Universal Relations and Correlation Analysis of Proto-Neutron Star Properties in Energy-Momentum Squared Gravity

Abstract

Proto-neutron stars (PNSs) are the hot, lepton-rich remnants of the core collapse supernovae, which go through a cooling phase and become cold, stable Neutron stars (NSs). Since PNSs are also superdense objects with strong gravitational fields, we can use them to probe general relativity (GR) in the high-curvature regime, similar to NSs. In this study, we analyze the macroscopic properties of PNSs using three different relativistic mean-field (RMF) equations of state (EOSs) with fixed entropy per baryon (S =1, 2) and varying the lepton fractions (Yl).

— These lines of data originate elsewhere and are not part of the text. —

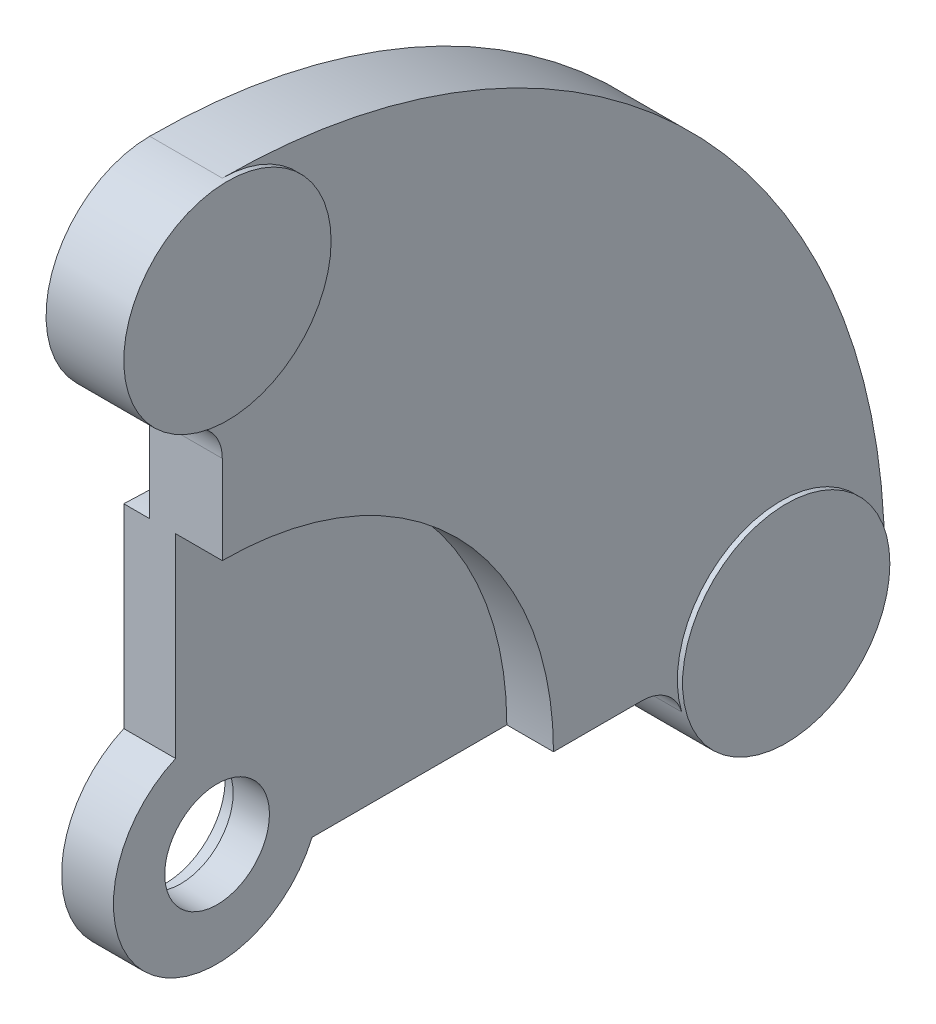
ISO-10303-21;
HEADER;
FILE_DESCRIPTION(('STEP AP214'),'2;1');
FILE_NAME('part.step','',(''),(''),'','','');
FILE_SCHEMA(('AUTOMOTIVE_DESIGN { 1 0 10303 214 1 1 1 1 }'));
ENDSEC;
DATA;
#1=APPLICATION_CONTEXT('core data for automotive mechanical design processes');
#2=APPLICATION_PROTOCOL_DEFINITION('international standard','automotive_design',2000,#1);
#3=PRODUCT_CONTEXT('',#1,'mechanical');
#4=PRODUCT('Part','Part','',(#3));
#5=PRODUCT_RELATED_PRODUCT_CATEGORY('part','',(#4));
#6=PRODUCT_DEFINITION_FORMATION('','',#4);
#7=PRODUCT_DEFINITION_CONTEXT('part definition',#1,'design');
#8=PRODUCT_DEFINITION('design','',#6,#7);
#9=PRODUCT_DEFINITION_SHAPE('','',#8);
#10=(LENGTH_UNIT() NAMED_UNIT(*) SI_UNIT(.MILLI.,.METRE.));
#11=(NAMED_UNIT(*) PLANE_ANGLE_UNIT() SI_UNIT($,.RADIAN.));
#12=(NAMED_UNIT(*) SI_UNIT($,.STERADIAN.) SOLID_ANGLE_UNIT());
#13=UNCERTAINTY_MEASURE_WITH_UNIT(LENGTH_MEASURE(1.E-05),#10,'distance_accuracy_value','');
#14=(GEOMETRIC_REPRESENTATION_CONTEXT(3) GLOBAL_UNCERTAINTY_ASSIGNED_CONTEXT((#13)) GLOBAL_UNIT_ASSIGNED_CONTEXT((#10,
#11,#12)) REPRESENTATION_CONTEXT('',''));
#15=CARTESIAN_POINT('',(0.,0.,0.));
#16=DIRECTION('',(0.,0.,1.));
#17=DIRECTION('',(1.,0.,0.));
#18=AXIS2_PLACEMENT_3D('',#15,#16,#17);
#19=CARTESIAN_POINT('',(-128.5,4.,-4.));
#20=DIRECTION('',(1.,0.,0.));
#21=DIRECTION('',(0.,0.,-1.));
#22=AXIS2_PLACEMENT_3D('',#19,#20,#21);
#23=CYLINDRICAL_SURFACE('',#22,5.05);
#24=CARTESIAN_POINT('',(2.5,4.,-4.));
#25=DIRECTION('',(1.,0.,0.));
#26=DIRECTION('',(0.,0.,-1.));
#27=AXIS2_PLACEMENT_3D('',#24,#25,#26);
#28=CIRCLE('',#27,5.05);
#29=CARTESIAN_POINT('',(2.5,4.,-9.05));
#30=VERTEX_POINT('',#29);
#31=EDGE_CURVE('E262',#30,#30,#28,.T.);
#32=ORIENTED_EDGE('',*,*,#31,.T.);
#33=EDGE_LOOP('',(#32));
#34=FACE_BOUND('',#33,.T.);
#35=CARTESIAN_POINT('',(-1.,4.,-4.));
#36=DIRECTION('',(-1.,0.,0.));
#37=DIRECTION('',(0.,0.,1.));
#38=AXIS2_PLACEMENT_3D('',#35,#36,#37);
#39=CIRCLE('',#38,5.05);
#40=CARTESIAN_POINT('',(-1.,4.,1.05));
#41=VERTEX_POINT('',#40);
#42=EDGE_CURVE('E53',#41,#41,#39,.F.);
#43=ORIENTED_EDGE('',*,*,#42,.F.);
#44=EDGE_LOOP('',(#43));
#45=FACE_BOUND('',#44,.T.);
#46=ADVANCED_FACE('F49',(#34,#45),#23,.F.);
#47=CARTESIAN_POINT('',(2.5,0.,0.));
#48=DIRECTION('',(-1.,0.,0.));
#49=DIRECTION('',(0.,0.,1.));
#50=AXIS2_PLACEMENT_3D('',#47,#48,#49);
#51=CYLINDRICAL_SURFACE('',#50,31.95);
#52=CARTESIAN_POINT('',(0.,0.,0.));
#53=DIRECTION('',(1.,0.,0.));
#54=DIRECTION('',(0.,0.,-1.));
#55=AXIS2_PLACEMENT_3D('',#52,#53,#54);
#56=CIRCLE('',#55,31.95);
#57=CARTESIAN_POINT('',(0.,0.,-31.95));
#58=VERTEX_POINT('',#57);
#59=CARTESIAN_POINT('',(0.,31.95,0.));
#60=VERTEX_POINT('',#59);
#61=EDGE_CURVE('E224',#58,#60,#56,.T.);
#62=ORIENTED_EDGE('',*,*,#61,.F.);
#63=DIRECTION('',(-1.,0.,0.));
#64=VECTOR('',#63,1.);
#65=CARTESIAN_POINT('',(2.5,0.,-31.95));
#66=LINE('',#65,#64);
#67=CARTESIAN_POINT('',(-2.5,0.,-31.95));
#68=VERTEX_POINT('',#67);
#69=EDGE_CURVE('E176',#58,#68,#66,.T.);
#70=ORIENTED_EDGE('',*,*,#69,.T.);
#71=CARTESIAN_POINT('',(-2.5,0.,0.));
#72=DIRECTION('',(1.,0.,0.));
#73=DIRECTION('',(0.,0.,-1.));
#74=AXIS2_PLACEMENT_3D('',#71,#72,#73);
#75=CIRCLE('',#74,31.95);
#76=CARTESIAN_POINT('',(-2.5,31.95,0.));
#77=VERTEX_POINT('',#76);
#78=EDGE_CURVE('E162',#68,#77,#75,.T.);
#79=ORIENTED_EDGE('',*,*,#78,.T.);
#80=DIRECTION('',(-1.,0.,0.));
#81=VECTOR('',#80,1.);
#82=CARTESIAN_POINT('',(2.5,31.95,0.));
#83=LINE('',#82,#81);
#84=EDGE_CURVE('E174',#60,#77,#83,.T.);
#85=ORIENTED_EDGE('',*,*,#84,.F.);
#86=EDGE_LOOP('',(#62,#70,#79,#85));
#87=FACE_BOUND('',#86,.T.);
#88=ADVANCED_FACE('F278',(#87),#51,.T.);
#89=CARTESIAN_POINT('',(2.5,0.,0.));
#90=DIRECTION('',(0.,1.,0.));
#91=DIRECTION('',(0.,0.,1.));
#92=AXIS2_PLACEMENT_3D('',#89,#90,#91);
#93=PLANE('',#92);
#94=DIRECTION('',(0.,0.,-1.));
#95=VECTOR('',#94,1.);
#96=CARTESIAN_POINT('',(2.5,0.,0.));
#97=LINE('',#96,#95);
#98=CARTESIAN_POINT('',(2.5,0.,-13.1651513899117));
#99=VERTEX_POINT('',#98);
#100=CARTESIAN_POINT('',(2.5,0.,-31.95));
#101=VERTEX_POINT('',#100);
#102=EDGE_CURVE('E156',#99,#101,#97,.T.);
#103=ORIENTED_EDGE('',*,*,#102,.F.);
#104=DIRECTION('',(1.,0.,0.));
#105=VECTOR('',#104,1.);
#106=CARTESIAN_POINT('',(-30.7842712474619,0.,-13.1651513899117));
#107=LINE('',#106,#105);
#108=CARTESIAN_POINT('',(-2.5,0.,-13.1651513899117));
#109=VERTEX_POINT('',#108);
#110=EDGE_CURVE('E139',#99,#109,#107,.F.);
#111=ORIENTED_EDGE('',*,*,#110,.T.);
#112=DIRECTION('',(0.,0.,-1.));
#113=VECTOR('',#112,1.);
#114=CARTESIAN_POINT('',(-2.5,0.,0.));
#115=LINE('',#114,#113);
#116=EDGE_CURVE('E153',#109,#68,#115,.T.);
#117=ORIENTED_EDGE('',*,*,#116,.T.);
#118=ORIENTED_EDGE('',*,*,#69,.F.);
#119=DIRECTION('',(0.,0.,-1.));
#120=VECTOR('',#119,1.);
#121=CARTESIAN_POINT('',(0.,0.,0.));
#122=LINE('',#121,#120);
#123=CARTESIAN_POINT('',(0.,0.,-40.4835921350013));
#124=VERTEX_POINT('',#123);
#125=EDGE_CURVE('E239',#58,#124,#122,.T.);
#126=ORIENTED_EDGE('',*,*,#125,.T.);
#127=DIRECTION('',(1.,0.,0.));
#128=VECTOR('',#127,1.);
#129=CARTESIAN_POINT('',(7.,0.,-40.4835921350013));
#130=LINE('',#129,#128);
#131=CARTESIAN_POINT('',(7.,0.,-40.4835921350013));
#132=VERTEX_POINT('',#131);
#133=EDGE_CURVE('E181',#124,#132,#130,.T.);
#134=ORIENTED_EDGE('',*,*,#133,.T.);
#135=DIRECTION('',(0.,0.,-1.));
#136=VECTOR('',#135,1.);
#137=CARTESIAN_POINT('',(7.,0.,0.));
#138=LINE('',#137,#136);
#139=CARTESIAN_POINT('',(7.,0.,-31.95));
#140=VERTEX_POINT('',#139);
#141=EDGE_CURVE('E201',#140,#132,#138,.T.);
#142=ORIENTED_EDGE('',*,*,#141,.F.);
#143=DIRECTION('',(-1.,0.,0.));
#144=VECTOR('',#143,1.);
#145=CARTESIAN_POINT('',(7.,0.,-31.95));
#146=LINE('',#145,#144);
#147=EDGE_CURVE('E163',#140,#101,#146,.T.);
#148=ORIENTED_EDGE('',*,*,#147,.T.);
#149=EDGE_LOOP('',(#103,#111,#117,#118,#126,#134,#142,#148));
#150=FACE_BOUND('',#149,.T.);
#151=ADVANCED_FACE('F151',(#150),#93,.F.);
#152=CARTESIAN_POINT('',(2.5,0.,0.));
#153=DIRECTION('',(0.,0.,-1.));
#154=DIRECTION('',(-1.,0.,0.));
#155=AXIS2_PLACEMENT_3D('',#152,#153,#154);
#156=PLANE('',#155);
#157=DIRECTION('',(0.,-1.,0.));
#158=VECTOR('',#157,1.);
#159=CARTESIAN_POINT('',(-2.5,0.,0.));
#160=LINE('',#159,#158);
#161=CARTESIAN_POINT('',(-2.5,13.1651513899117,0.));
#162=VERTEX_POINT('',#161);
#163=EDGE_CURVE('E165',#77,#162,#160,.T.);
#164=ORIENTED_EDGE('',*,*,#163,.T.);
#165=DIRECTION('',(1.,0.,0.));
#166=VECTOR('',#165,1.);
#167=CARTESIAN_POINT('',(-30.7842712474619,13.1651513899117,0.));
#168=LINE('',#167,#166);
#169=CARTESIAN_POINT('',(2.5,13.1651513899117,0.));
#170=VERTEX_POINT('',#169);
#171=EDGE_CURVE('E142',#162,#170,#168,.T.);
#172=ORIENTED_EDGE('',*,*,#171,.T.);
#173=DIRECTION('',(0.,-1.,0.));
#174=VECTOR('',#173,1.);
#175=CARTESIAN_POINT('',(2.5,0.,0.));
#176=LINE('',#175,#174);
#177=CARTESIAN_POINT('',(2.5,31.95,0.));
#178=VERTEX_POINT('',#177);
#179=EDGE_CURVE('E170',#178,#170,#176,.T.);
#180=ORIENTED_EDGE('',*,*,#179,.F.);
#181=DIRECTION('',(-1.,0.,0.));
#182=VECTOR('',#181,1.);
#183=CARTESIAN_POINT('',(7.,31.95,0.));
#184=LINE('',#183,#182);
#185=CARTESIAN_POINT('',(7.,31.95,0.));
#186=VERTEX_POINT('',#185);
#187=EDGE_CURVE('E237',#186,#178,#184,.T.);
#188=ORIENTED_EDGE('',*,*,#187,.F.);
#189=DIRECTION('',(0.,-1.,0.));
#190=VECTOR('',#189,1.);
#191=CARTESIAN_POINT('',(7.,0.,0.));
#192=LINE('',#191,#190);
#193=CARTESIAN_POINT('',(7.,40.4835921350013,0.));
#194=VERTEX_POINT('',#193);
#195=EDGE_CURVE('E235',#194,#186,#192,.T.);
#196=ORIENTED_EDGE('',*,*,#195,.F.);
#197=DIRECTION('',(1.,0.,0.));
#198=VECTOR('',#197,1.);
#199=CARTESIAN_POINT('',(0.,40.4835921350013,0.));
#200=LINE('',#199,#198);
#201=CARTESIAN_POINT('',(0.,40.4835921350013,0.));
#202=VERTEX_POINT('',#201);
#203=EDGE_CURVE('E183',#194,#202,#200,.F.);
#204=ORIENTED_EDGE('',*,*,#203,.T.);
#205=DIRECTION('',(0.,-1.,0.));
#206=VECTOR('',#205,1.);
#207=CARTESIAN_POINT('',(0.,0.,0.));
#208=LINE('',#207,#206);
#209=EDGE_CURVE('E229',#202,#60,#208,.T.);
#210=ORIENTED_EDGE('',*,*,#209,.T.);
#211=ORIENTED_EDGE('',*,*,#84,.T.);
#212=EDGE_LOOP('',(#164,#172,#180,#188,#196,#204,#210,#211));
#213=FACE_BOUND('',#212,.T.);
#214=ADVANCED_FACE('F257',(#213),#156,.F.);
#215=CARTESIAN_POINT('',(2.5,0.,0.));
#216=DIRECTION('',(1.,0.,0.));
#217=DIRECTION('',(0.,0.,-1.));
#218=AXIS2_PLACEMENT_3D('',#215,#216,#217);
#219=PLANE('',#218);
#220=ORIENTED_EDGE('',*,*,#31,.F.);
#221=EDGE_LOOP('',(#220));
#222=FACE_BOUND('',#221,.T.);
#223=CARTESIAN_POINT('',(2.5,4.,-4.));
#224=DIRECTION('',(1.,0.,0.));
#225=DIRECTION('',(0.,0.,-1.));
#226=AXIS2_PLACEMENT_3D('',#223,#224,#225);
#227=CIRCLE('',#226,10.);
#228=EDGE_CURVE('E147',#170,#99,#227,.T.);
#229=ORIENTED_EDGE('',*,*,#228,.T.);
#230=ORIENTED_EDGE('',*,*,#102,.T.);
#231=CARTESIAN_POINT('',(2.5,0.,0.));
#232=DIRECTION('',(1.,0.,0.));
#233=DIRECTION('',(0.,0.,-1.));
#234=AXIS2_PLACEMENT_3D('',#231,#232,#233);
#235=CIRCLE('',#234,31.95);
#236=EDGE_CURVE('E248',#101,#178,#235,.T.);
#237=ORIENTED_EDGE('',*,*,#236,.T.);
#238=ORIENTED_EDGE('',*,*,#179,.T.);
#239=EDGE_LOOP('',(#229,#230,#237,#238));
#240=FACE_BOUND('',#239,.T.);
#241=ADVANCED_FACE('F254',(#222,#240),#219,.T.);
#242=CARTESIAN_POINT('',(-2.5,0.,0.));
#243=DIRECTION('',(1.,0.,0.));
#244=DIRECTION('',(0.,0.,-1.));
#245=AXIS2_PLACEMENT_3D('',#242,#243,#244);
#246=PLANE('',#245);
#247=CARTESIAN_POINT('',(-2.5,4.,-4.));
#248=DIRECTION('',(-1.,0.,0.));
#249=DIRECTION('',(0.,0.,1.));
#250=AXIS2_PLACEMENT_3D('',#247,#248,#249);
#251=CIRCLE('',#250,5.78);
#252=CARTESIAN_POINT('',(-2.5,4.,1.78));
#253=VERTEX_POINT('',#252);
#254=EDGE_CURVE('E265',#253,#253,#251,.T.);
#255=ORIENTED_EDGE('',*,*,#254,.F.);
#256=EDGE_LOOP('',(#255));
#257=FACE_BOUND('',#256,.T.);
#258=ORIENTED_EDGE('',*,*,#116,.F.);
#259=CARTESIAN_POINT('',(-2.5,4.,-4.));
#260=DIRECTION('',(1.,0.,0.));
#261=DIRECTION('',(0.,0.,-1.));
#262=AXIS2_PLACEMENT_3D('',#259,#260,#261);
#263=CIRCLE('',#262,10.);
#264=EDGE_CURVE('E136',#109,#162,#263,.F.);
#265=ORIENTED_EDGE('',*,*,#264,.T.);
#266=ORIENTED_EDGE('',*,*,#163,.F.);
#267=ORIENTED_EDGE('',*,*,#78,.F.);
#268=EDGE_LOOP('',(#258,#265,#266,#267));
#269=FACE_BOUND('',#268,.T.);
#270=ADVANCED_FACE('F160',(#257,#269),#246,.F.);
#271=CARTESIAN_POINT('',(7.,0.,0.));
#272=DIRECTION('',(-1.,0.,0.));
#273=DIRECTION('',(0.,0.,1.));
#274=AXIS2_PLACEMENT_3D('',#271,#272,#273);
#275=CYLINDRICAL_SURFACE('',#274,31.95);
#276=ORIENTED_EDGE('',*,*,#187,.T.);
#277=ORIENTED_EDGE('',*,*,#236,.F.);
#278=ORIENTED_EDGE('',*,*,#147,.F.);
#279=CARTESIAN_POINT('',(7.,0.,0.));
#280=DIRECTION('',(1.,0.,0.));
#281=DIRECTION('',(0.,0.,-1.));
#282=AXIS2_PLACEMENT_3D('',#279,#280,#281);
#283=CIRCLE('',#282,31.95);
#284=EDGE_CURVE('E226',#140,#186,#283,.T.);
#285=ORIENTED_EDGE('',*,*,#284,.T.);
#286=EDGE_LOOP('',(#276,#277,#278,#285));
#287=FACE_BOUND('',#286,.T.);
#288=ADVANCED_FACE('F316',(#287),#275,.F.);
#289=CARTESIAN_POINT('',(7.,0.,0.));
#290=DIRECTION('',(-1.,0.,0.));
#291=DIRECTION('',(0.,0.,1.));
#292=AXIS2_PLACEMENT_3D('',#289,#290,#291);
#293=CYLINDRICAL_SURFACE('',#292,63.9);
#294=CARTESIAN_POINT('',(0.,0.,0.));
#295=DIRECTION('',(1.,0.,0.));
#296=DIRECTION('',(0.,0.,-1.));
#297=AXIS2_PLACEMENT_3D('',#294,#295,#296);
#298=CIRCLE('',#297,63.9);
#299=CARTESIAN_POINT('',(0.,0.,-63.9));
#300=VERTEX_POINT('',#299);
#301=CARTESIAN_POINT('',(0.,63.9,0.));
#302=VERTEX_POINT('',#301);
#303=EDGE_CURVE('E214',#300,#302,#298,.T.);
#304=ORIENTED_EDGE('',*,*,#303,.T.);
#305=DIRECTION('',(-1.,0.,0.));
#306=VECTOR('',#305,1.);
#307=CARTESIAN_POINT('',(7.,63.9,0.));
#308=LINE('',#307,#306);
#309=CARTESIAN_POINT('',(7.,63.9,0.));
#310=VERTEX_POINT('',#309);
#311=EDGE_CURVE('E244',#310,#302,#308,.T.);
#312=ORIENTED_EDGE('',*,*,#311,.F.);
#313=CARTESIAN_POINT('',(7.,0.,0.));
#314=DIRECTION('',(1.,0.,0.));
#315=DIRECTION('',(0.,0.,-1.));
#316=AXIS2_PLACEMENT_3D('',#313,#314,#315);
#317=CIRCLE('',#316,63.9);
#318=CARTESIAN_POINT('',(7.,0.,-63.9));
#319=VERTEX_POINT('',#318);
#320=EDGE_CURVE('E232',#319,#310,#317,.T.);
#321=ORIENTED_EDGE('',*,*,#320,.F.);
#322=DIRECTION('',(-1.,0.,0.));
#323=VECTOR('',#322,1.);
#324=CARTESIAN_POINT('',(7.,0.,-63.9));
#325=LINE('',#324,#323);
#326=EDGE_CURVE('E167',#319,#300,#325,.T.);
#327=ORIENTED_EDGE('',*,*,#326,.T.);
#328=EDGE_LOOP('',(#304,#312,#321,#327));
#329=FACE_BOUND('',#328,.T.);
#330=ADVANCED_FACE('F311',(#329),#293,.T.);
#331=CARTESIAN_POINT('',(7.,0.,0.));
#332=DIRECTION('',(1.,0.,0.));
#333=DIRECTION('',(0.,0.,-1.));
#334=AXIS2_PLACEMENT_3D('',#331,#332,#333);
#335=PLANE('',#334);
#336=ORIENTED_EDGE('',*,*,#284,.F.);
#337=ORIENTED_EDGE('',*,*,#141,.T.);
#338=CARTESIAN_POINT('',(7.,-4.,-40.4835921350013));
#339=DIRECTION('',(1.,0.,0.));
#340=DIRECTION('',(0.,0.,-1.));
#341=AXIS2_PLACEMENT_3D('',#338,#339,#340);
#342=CIRCLE('',#341,4.);
#343=CARTESIAN_POINT('',(7.,-2.85714285714286,-44.3168515250009));
#344=VERTEX_POINT('',#343);
#345=EDGE_CURVE('E190',#132,#344,#342,.F.);
#346=ORIENTED_EDGE('',*,*,#345,.T.);
#347=CARTESIAN_POINT('',(7.,0.,-53.9));
#348=DIRECTION('',(1.,0.,0.));
#349=DIRECTION('',(0.,0.,-1.));
#350=AXIS2_PLACEMENT_3D('',#347,#348,#349);
#351=CIRCLE('',#350,10.);
#352=EDGE_CURVE('E199',#319,#344,#351,.T.);
#353=ORIENTED_EDGE('',*,*,#352,.F.);
#354=ORIENTED_EDGE('',*,*,#320,.T.);
#355=CARTESIAN_POINT('',(7.,53.9,0.));
#356=DIRECTION('',(1.,0.,0.));
#357=DIRECTION('',(0.,0.,-1.));
#358=AXIS2_PLACEMENT_3D('',#355,#356,#357);
#359=CIRCLE('',#358,10.);
#360=CARTESIAN_POINT('',(7.,44.3168515250009,2.85714285714286));
#361=VERTEX_POINT('',#360);
#362=EDGE_CURVE('E64',#361,#310,#359,.T.);
#363=ORIENTED_EDGE('',*,*,#362,.F.);
#364=CARTESIAN_POINT('',(7.,40.4835921350013,4.));
#365=DIRECTION('',(1.,0.,0.));
#366=DIRECTION('',(0.,0.,-1.));
#367=AXIS2_PLACEMENT_3D('',#364,#365,#366);
#368=CIRCLE('',#367,4.);
#369=EDGE_CURVE('E11',#361,#194,#368,.F.);
#370=ORIENTED_EDGE('',*,*,#369,.T.);
#371=ORIENTED_EDGE('',*,*,#195,.T.);
#372=EDGE_LOOP('',(#336,#337,#346,#353,#354,#363,#370,#371));
#373=FACE_BOUND('',#372,.T.);
#374=ADVANCED_FACE('F198',(#373),#335,.T.);
#375=CARTESIAN_POINT('',(0.,0.,0.));
#376=DIRECTION('',(1.,0.,0.));
#377=DIRECTION('',(0.,0.,-1.));
#378=AXIS2_PLACEMENT_3D('',#375,#376,#377);
#379=PLANE('',#378);
#380=ORIENTED_EDGE('',*,*,#61,.T.);
#381=ORIENTED_EDGE('',*,*,#209,.F.);
#382=CARTESIAN_POINT('',(0.,40.4835921350013,4.));
#383=DIRECTION('',(1.,0.,0.));
#384=DIRECTION('',(0.,0.,-1.));
#385=AXIS2_PLACEMENT_3D('',#382,#383,#384);
#386=CIRCLE('',#385,4.);
#387=CARTESIAN_POINT('',(0.,44.3168515250009,2.85714285714286));
#388=VERTEX_POINT('',#387);
#389=EDGE_CURVE('E58',#202,#388,#386,.T.);
#390=ORIENTED_EDGE('',*,*,#389,.T.);
#391=CARTESIAN_POINT('',(0.,53.9,0.));
#392=DIRECTION('',(1.,0.,0.));
#393=DIRECTION('',(0.,0.,-1.));
#394=AXIS2_PLACEMENT_3D('',#391,#392,#393);
#395=CIRCLE('',#394,10.);
#396=EDGE_CURVE('E218',#302,#388,#395,.T.);
#397=ORIENTED_EDGE('',*,*,#396,.F.);
#398=ORIENTED_EDGE('',*,*,#303,.F.);
#399=CARTESIAN_POINT('',(0.,0.,-53.9));
#400=DIRECTION('',(1.,0.,0.));
#401=DIRECTION('',(0.,0.,-1.));
#402=AXIS2_PLACEMENT_3D('',#399,#400,#401);
#403=CIRCLE('',#402,10.);
#404=CARTESIAN_POINT('',(0.,-2.85714285714286,-44.3168515250009));
#405=VERTEX_POINT('',#404);
#406=EDGE_CURVE('E157',#405,#300,#403,.T.);
#407=ORIENTED_EDGE('',*,*,#406,.F.);
#408=CARTESIAN_POINT('',(0.,-4.,-40.4835921350013));
#409=DIRECTION('',(1.,0.,0.));
#410=DIRECTION('',(0.,0.,-1.));
#411=AXIS2_PLACEMENT_3D('',#408,#409,#410);
#412=CIRCLE('',#411,4.);
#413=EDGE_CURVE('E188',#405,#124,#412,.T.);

Higher S values increase the mass and flatten the mass-radius relation, and higher Yl values decrease the maximum mass and increase the canonical radius. The variation of S and Yl affects the f-mode oscillation frequency, tidal deformability, moment of inertia and the surface curvature of the PNS. Extending our study beyond GR, we explore these effects within the framework of Energy-Momentum Squared Gravity (EMSG), a modified gravity theory that adds the nonlinear energy-momentum terms to the field equations. In the weak-field regimes, EMSG remains indistinguishable from GR, but in the strong-field regimes, such as PNSs or NSs, it shows measurable deviations. Varying the free parameter α, we observe significant changes in the macroscopic properties of the PNSs.